2. On average, prices increased about $13,000 each year.
3. We can not reject the null hypothesis of a no price increase over the period.
4. According to the regression, prices fell during the period.
How do we interpret the coefficient for BEDROOMS?
1. For each additional bedroom, the housing price goes up by $13.85.
2. For each additional bedroom, the housing price goes up by 13.85%
3. For each additional bedroom, housing price goes up by $13,852.
4. None of the above.
Q10 If you haven't already done so, using the "QuizIIDataset.csv" data file, create a variable called lnPPSF which is the log of the sale_price divided by the gross_square feet variable. Also if you haven't already done so, create a new variable that is distance of each property to the Empire State Building in miles using the following formula: DistESB=sqrt((69.1691 *( latitude-40.748441))^2+ (52.5179*( longitude- -73.985664))^2) , where the given lat/long coordinates are for the Empire State Building. After you do that, answer the following question.
Run a regression of lnPPSF on year_built, year, land_square_feet, gross_square_feet, and DistESB, and answer the following question.

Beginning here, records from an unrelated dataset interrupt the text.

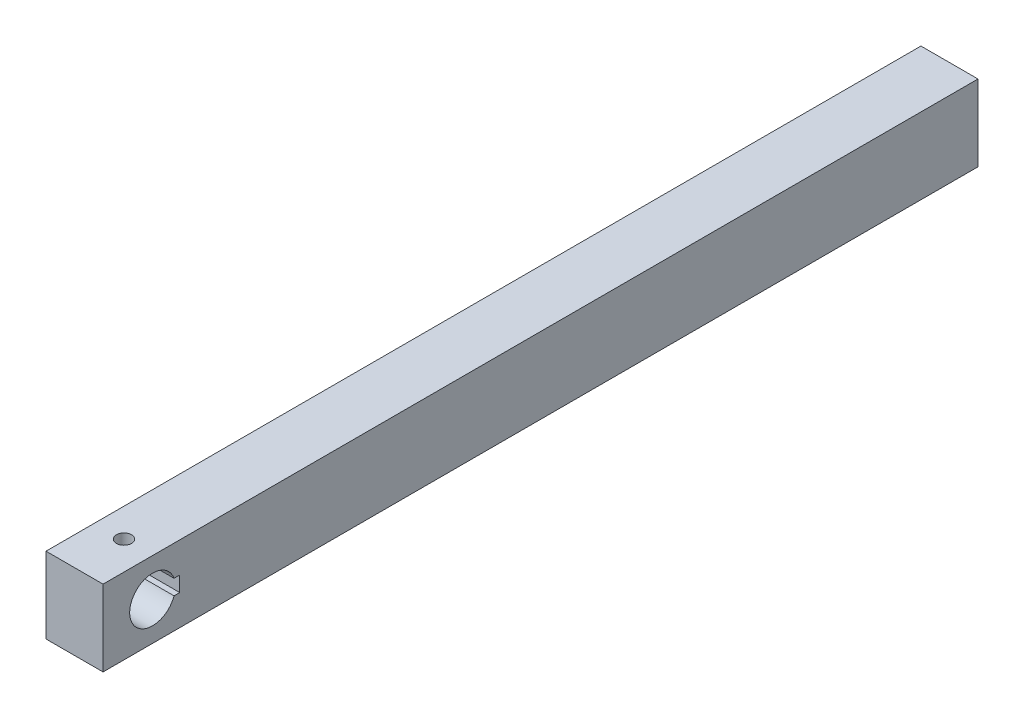
ISO-10303-21;
HEADER;
FILE_DESCRIPTION(('STEP AP214'),'2;1');
FILE_NAME('part.step','',(''),(''),'','','');
FILE_SCHEMA(('AUTOMOTIVE_DESIGN { 1 0 10303 214 1 1 1 1 }'));
ENDSEC;
DATA;
#1=APPLICATION_CONTEXT('core data for automotive mechanical design processes');
#2=APPLICATION_PROTOCOL_DEFINITION('international standard','automotive_design',2000,#1);
#3=PRODUCT_CONTEXT('',#1,'mechanical');
#4=PRODUCT('Part','Part','',(#3));
#5=PRODUCT_RELATED_PRODUCT_CATEGORY('part','',(#4));
#6=PRODUCT_DEFINITION_FORMATION('','',#4);
#7=PRODUCT_DEFINITION_CONTEXT('part definition',#1,'design');
#8=PRODUCT_DEFINITION('design','',#6,#7);
#9=PRODUCT_DEFINITION_SHAPE('','',#8);
#10=(LENGTH_UNIT() NAMED_UNIT(*) SI_UNIT(.MILLI.,.METRE.));
#11=(NAMED_UNIT(*) PLANE_ANGLE_UNIT() SI_UNIT($,.RADIAN.));
#12=(NAMED_UNIT(*) SI_UNIT($,.STERADIAN.) SOLID_ANGLE_UNIT());
#13=UNCERTAINTY_MEASURE_WITH_UNIT(LENGTH_MEASURE(1.E-05),#10,'distance_accuracy_value','');
#14=(GEOMETRIC_REPRESENTATION_CONTEXT(3) GLOBAL_UNCERTAINTY_ASSIGNED_CONTEXT((#13)) GLOBAL_UNIT_ASSIGNED_CONTEXT((#10,
#11,#12)) REPRESENTATION_CONTEXT('',''));
#15=CARTESIAN_POINT('',(0.,0.,0.));
#16=DIRECTION('',(0.,0.,1.));
#17=DIRECTION('',(1.,0.,0.));
#18=AXIS2_PLACEMENT_3D('',#15,#16,#17);
#19=CARTESIAN_POINT('',(7.5,10.,230.));
#20=DIRECTION('',(-1.,0.,0.));
#21=DIRECTION('',(0.,-1.,0.));
#22=AXIS2_PLACEMENT_3D('',#19,#20,#21);
#23=PLANE('',#22);
#24=DIRECTION('',(0.,0.,1.));
#25=VECTOR('',#24,1.);
#26=CARTESIAN_POINT('',(7.5,-2.,230.));
#27=LINE('',#26,#25);
#28=CARTESIAN_POINT('',(7.5,-2.,209.843145750508));
#29=VERTEX_POINT('',#28);
#30=CARTESIAN_POINT('',(7.5,-2.,211.343145750508));
#31=VERTEX_POINT('',#30);
#32=EDGE_CURVE('E139',#29,#31,#27,.T.);
#33=ORIENTED_EDGE('',*,*,#32,.T.);
#34=CARTESIAN_POINT('',(7.5,0.,217.));
#35=DIRECTION('',(-1.,0.,0.));
#36=DIRECTION('',(0.,-1.,0.));
#37=AXIS2_PLACEMENT_3D('',#34,#35,#36);
#38=CIRCLE('',#37,6.00000000000001);
#39=CARTESIAN_POINT('',(7.5,2.,211.343145750508));
#40=VERTEX_POINT('',#39);
#41=EDGE_CURVE('E142',#31,#40,#38,.T.);
#42=ORIENTED_EDGE('',*,*,#41,.T.);
#43=DIRECTION('',(0.,0.,-1.));
#44=VECTOR('',#43,1.);
#45=CARTESIAN_POINT('',(7.5,2.,230.));
#46=LINE('',#45,#44);
#47=CARTESIAN_POINT('',(7.5,2.,209.843145750508));
#48=VERTEX_POINT('',#47);
#49=EDGE_CURVE('E134',#40,#48,#46,.T.);
#50=ORIENTED_EDGE('',*,*,#49,.T.);
#51=DIRECTION('',(0.,-1.,0.));
#52=VECTOR('',#51,1.);
#53=CARTESIAN_POINT('',(7.5,10.,209.843145750508));
#54=LINE('',#53,#52);
#55=EDGE_CURVE('E114',#48,#29,#54,.T.);
#56=ORIENTED_EDGE('',*,*,#55,.T.);
#57=EDGE_LOOP('',(#33,#42,#50,#56));
#58=FACE_BOUND('',#57,.T.);
#59=DIRECTION('',(0.,1.,0.));
#60=VECTOR('',#59,1.);
#61=CARTESIAN_POINT('',(7.5,10.,0.));
#62=LINE('',#61,#60);
#63=CARTESIAN_POINT('',(7.5,-10.,0.));
#64=VERTEX_POINT('',#63);
#65=CARTESIAN_POINT('',(7.5,10.,0.));
#66=VERTEX_POINT('',#65);
#67=EDGE_CURVE('E145',#64,#66,#62,.T.);
#68=ORIENTED_EDGE('',*,*,#67,.T.);
#69=DIRECTION('',(0.,0.,-1.));
#70=VECTOR('',#69,1.);
#71=CARTESIAN_POINT('',(7.5,10.,230.));
#72=LINE('',#71,#70);
#73=CARTESIAN_POINT('',(7.5,10.,230.));
#74=VERTEX_POINT('',#73);
#75=EDGE_CURVE('E11',#74,#66,#72,.T.);
#76=ORIENTED_EDGE('',*,*,#75,.F.);
#77=DIRECTION('',(0.,1.,0.));
#78=VECTOR('',#77,1.);
#79=CARTESIAN_POINT('',(7.5,10.,230.));
#80=LINE('',#79,#78);
#81=CARTESIAN_POINT('',(7.5,-10.,230.));
#82=VERTEX_POINT('',#81);
#83=EDGE_CURVE('E146',#82,#74,#80,.T.);
#84=ORIENTED_EDGE('',*,*,#83,.F.);
#85=DIRECTION('',(0.,0.,-1.));
#86=VECTOR('',#85,1.);
#87=CARTESIAN_POINT('',(7.5,-10.,230.));
#88=LINE('',#87,#86);
#89=EDGE_CURVE('E156',#82,#64,#88,.T.);
#90=ORIENTED_EDGE('',*,*,#89,.T.);
#91=EDGE_LOOP('',(#68,#76,#84,#90));
#92=FACE_BOUND('',#91,.T.);
#93=ADVANCED_FACE('F38',(#58,#92),#23,.F.);
#94=CARTESIAN_POINT('',(-7.5,10.,230.));
#95=DIRECTION('',(0.,-1.,0.));
#96=DIRECTION('',(0.,0.,-1.));
#97=AXIS2_PLACEMENT_3D('',#94,#95,#96);
#98=PLANE('',#97);
#99=CARTESIAN_POINT('',(0.,10.,217.));
#100=DIRECTION('',(0.,1.,0.));
#101=DIRECTION('',(0.,0.,1.));
#102=AXIS2_PLACEMENT_3D('',#99,#100,#101);
#103=CIRCLE('',#102,1.984375);
#104=CARTESIAN_POINT('',(0.,10.,218.984375));
#105=VERTEX_POINT('',#104);
#106=EDGE_CURVE('E224',#105,#105,#103,.T.);
#107=ORIENTED_EDGE('',*,*,#106,.F.);
#108=EDGE_LOOP('',(#107));
#109=FACE_BOUND('',#108,.T.);
#110=DIRECTION('',(-1.,0.,0.));
#111=VECTOR('',#110,1.);
#112=CARTESIAN_POINT('',(-7.5,10.,0.));
#113=LINE('',#112,#111);
#114=CARTESIAN_POINT('',(-7.5,10.,0.));
#115=VERTEX_POINT('',#114);
#116=EDGE_CURVE('E159',#66,#115,#113,.T.);
#117=ORIENTED_EDGE('',*,*,#116,.T.);
#118=DIRECTION('',(0.,0.,-1.));
#119=VECTOR('',#118,1.);
#120=CARTESIAN_POINT('',(-7.5,10.,230.));
#121=LINE('',#120,#119);
#122=CARTESIAN_POINT('',(-7.5,10.,230.));
#123=VERTEX_POINT('',#122);
#124=EDGE_CURVE('E51',#123,#115,#121,.T.);
#125=ORIENTED_EDGE('',*,*,#124,.F.);
#126=DIRECTION('',(-1.,0.,0.));
#127=VECTOR('',#126,1.);
#128=CARTESIAN_POINT('',(-7.5,10.,230.));
#129=LINE('',#128,#127);
#130=EDGE_CURVE('E149',#74,#123,#129,.T.);
#131=ORIENTED_EDGE('',*,*,#130,.F.);
#132=ORIENTED_EDGE('',*,*,#75,.T.);
#133=EDGE_LOOP('',(#117,#125,#131,#132));
#134=FACE_BOUND('',#133,.T.);
#135=ADVANCED_FACE('F188',(#109,#134),#98,.F.);
#136=CARTESIAN_POINT('',(-7.5,10.,230.));
#137=DIRECTION('',(1.,0.,0.));
#138=DIRECTION('',(0.,1.,0.));
#139=AXIS2_PLACEMENT_3D('',#136,#137,#138);
#140=PLANE('',#139);
#141=DIRECTION('',(0.,0.,-1.));
#142=VECTOR('',#141,1.);
#143=CARTESIAN_POINT('',(-7.5,2.,209.843145750508));
#144=LINE('',#143,#142);
#145=CARTESIAN_POINT('',(-7.5,1.99999999999999,211.343145750508));
#146=VERTEX_POINT('',#145);
#147=CARTESIAN_POINT('',(-7.5,2.,209.843145750508));
#148=VERTEX_POINT('',#147);
#149=EDGE_CURVE('E120',#146,#148,#144,.T.);
#150=ORIENTED_EDGE('',*,*,#149,.F.);
#151=CARTESIAN_POINT('',(-7.5,0.,217.));
#152=DIRECTION('',(-1.,0.,0.));
#153=DIRECTION('',(0.,-1.,0.));
#154=AXIS2_PLACEMENT_3D('',#151,#152,#153);
#155=CIRCLE('',#154,6.00000000000001);
#156=CARTESIAN_POINT('',(-7.5,-2.,211.343145750508));
#157=VERTEX_POINT('',#156);
#158=EDGE_CURVE('E66',#157,#146,#155,.T.);
#159=ORIENTED_EDGE('',*,*,#158,.F.);
#160=DIRECTION('',(0.,0.,1.));
#161=VECTOR('',#160,1.);
#162=CARTESIAN_POINT('',(-7.5,-2.,209.843145750508));
#163=LINE('',#162,#161);
#164=CARTESIAN_POINT('',(-7.5,-2.,209.843145750508));
#165=VERTEX_POINT('',#164);
#166=EDGE_CURVE('E127',#165,#157,#163,.T.);
#167=ORIENTED_EDGE('',*,*,#166,.F.);
#168=DIRECTION('',(0.,-1.,0.));
#169=VECTOR('',#168,1.);
#170=CARTESIAN_POINT('',(-7.5,2.,209.843145750508));
#171=LINE('',#170,#169);
#172=EDGE_CURVE('E111',#148,#165,#171,.T.);
#173=ORIENTED_EDGE('',*,*,#172,.F.);
#174=EDGE_LOOP('',(#150,#159,#167,#173));
#175=FACE_BOUND('',#174,.T.);
#176=DIRECTION('',(0.,-1.,0.));
#177=VECTOR('',#176,1.);
#178=CARTESIAN_POINT('',(-7.5,10.,0.));
#179=LINE('',#178,#177);
#180=CARTESIAN_POINT('',(-7.5,-10.,0.));
#181=VERTEX_POINT('',#180);
#182=EDGE_CURVE('E161',#115,#181,#179,.T.);
#183=ORIENTED_EDGE('',*,*,#182,.T.);
#184=DIRECTION('',(0.,0.,-1.));
#185=VECTOR('',#184,1.);
#186=CARTESIAN_POINT('',(-7.5,-10.,230.));
#187=LINE('',#186,#185);
#188=CARTESIAN_POINT('',(-7.5,-10.,230.));
#189=VERTEX_POINT('',#188);
#190=EDGE_CURVE('E166',#189,#181,#187,.T.);
#191=ORIENTED_EDGE('',*,*,#190,.F.);
#192=DIRECTION('',(0.,-1.,0.));
#193=VECTOR('',#192,1.);
#194=CARTESIAN_POINT('',(-7.5,10.,230.));
#195=LINE('',#194,#193);
#196=EDGE_CURVE('E152',#123,#189,#195,.T.);
#197=ORIENTED_EDGE('',*,*,#196,.F.);
#198=ORIENTED_EDGE('',*,*,#124,.T.);
#199=EDGE_LOOP('',(#183,#191,#197,#198));
#200=FACE_BOUND('',#199,.T.);
#201=ADVANCED_FACE('F124',(#175,#200),#140,.F.);
#202=CARTESIAN_POINT('',(-7.5,-10.,230.));
#203=DIRECTION('',(0.,1.,0.));
#204=DIRECTION('',(0.,0.,1.));
#205=AXIS2_PLACEMENT_3D('',#202,#203,#204);
#206=PLANE('',#205);
#207=DIRECTION('',(1.,0.,0.));
#208=VECTOR('',#207,1.);
#209=CARTESIAN_POINT('',(-7.5,-10.,0.));
#210=LINE('',#209,#208);
#211=EDGE_CURVE('E150',#181,#64,#210,.T.);
#212=ORIENTED_EDGE('',*,*,#211,.T.);
#213=ORIENTED_EDGE('',*,*,#89,.F.);
#214=DIRECTION('',(1.,0.,0.));
#215=VECTOR('',#214,1.);
#216=CARTESIAN_POINT('',(-7.5,-10.,230.));
#217=LINE('',#216,#215);
#218=EDGE_CURVE('E154',#189,#82,#217,.T.);
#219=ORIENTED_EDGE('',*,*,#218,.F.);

According the Stata printout:
1. There is no effect of distance the Empire State Building on housing prices.
2. Each additional mile further away from the Empire State Building shows that housing prices increase, on average, by about 4.4%.
3. Each additional mile away from the Empire State Building shows that housing prices decrease, on average, by about 4.4%.
4. Each additional mile away from the Empire State Building shows that housing prices decrease, on average, by about 0.044%.
5. Each additional mile away from the Empire State Building shows that housing prices decrease, on average, by about $0.044.
Q11 Let's say you run a regression of sales_price on gross_square_feet, and you generate the residuals from this regression. Then let's say you regress gross_square_feet on the residuals from the first regression, what would be the value of R2 be?
There is no way to determine this information.
Which of the following is not one of the classical/standard OLS assumptions?
1. The expected value of the error term is equal to zero
2. The variance of the errors is a function of the size of the exogenous variables.
3. No two of the explanatory variables are perfect linear combinations of each other.
4. The dependent variable is determined by a linear function of the population parameters.
Q12 Using the "QuizIIDataset.csv" data file, if you haven't already done so, create a variable called lnPPSF which is the log of the sale_price divided by the gross_square feet variable. Next create a new variable that is distance of each property to the Empire State Building in miles using the following formula: DistESB=sqrt((69.1691 *( latitude-40.748441))^2+ (52.5179*( longitude- -73.985664))^2), where the given lat/long coordinates are for the Empire State Building. After you do that, answer the following question.
What is the correlation coefficient between the lnPPSF and DistESB?
1. -.0234751
2. 0.0778
3. 0.0010
4. -0.0778
5. None of the above.
Q13 If you have not already done it, for this question, you need figure out how to merge the "QuizIIDatasetSandyAddon.csv" data set with the "QuizIIDataset.csv" data file (hint: use nycid as the key and merge one to one). After you merge the two data sets, (if you have not done so already) create a new variable called lnPPSF which is the log of sale_price divided by the gross_square_feet. Then run a regression lnPPSF on the year_built, year, land_square_feet, gross_square_feet, and surgeheight, where the surgeheight variable tells you how many feet the Sandy storm surge rose at each house in the sample.
After you run a regression, test to see if there is heteroskedasticity with regard to the residuals and then choose the correct answer below.
1. We cannot reject the null of no hesteroskedasticity.
2. We can reject the null hypothesis of no heteroskedasticity with greater than 99% confidence.
3. The evidence suggests that we need not concern ourselves with heteroskedasticity.
4. We can reject the null hypothesis of no heteroskedasticity with just 70% confidence.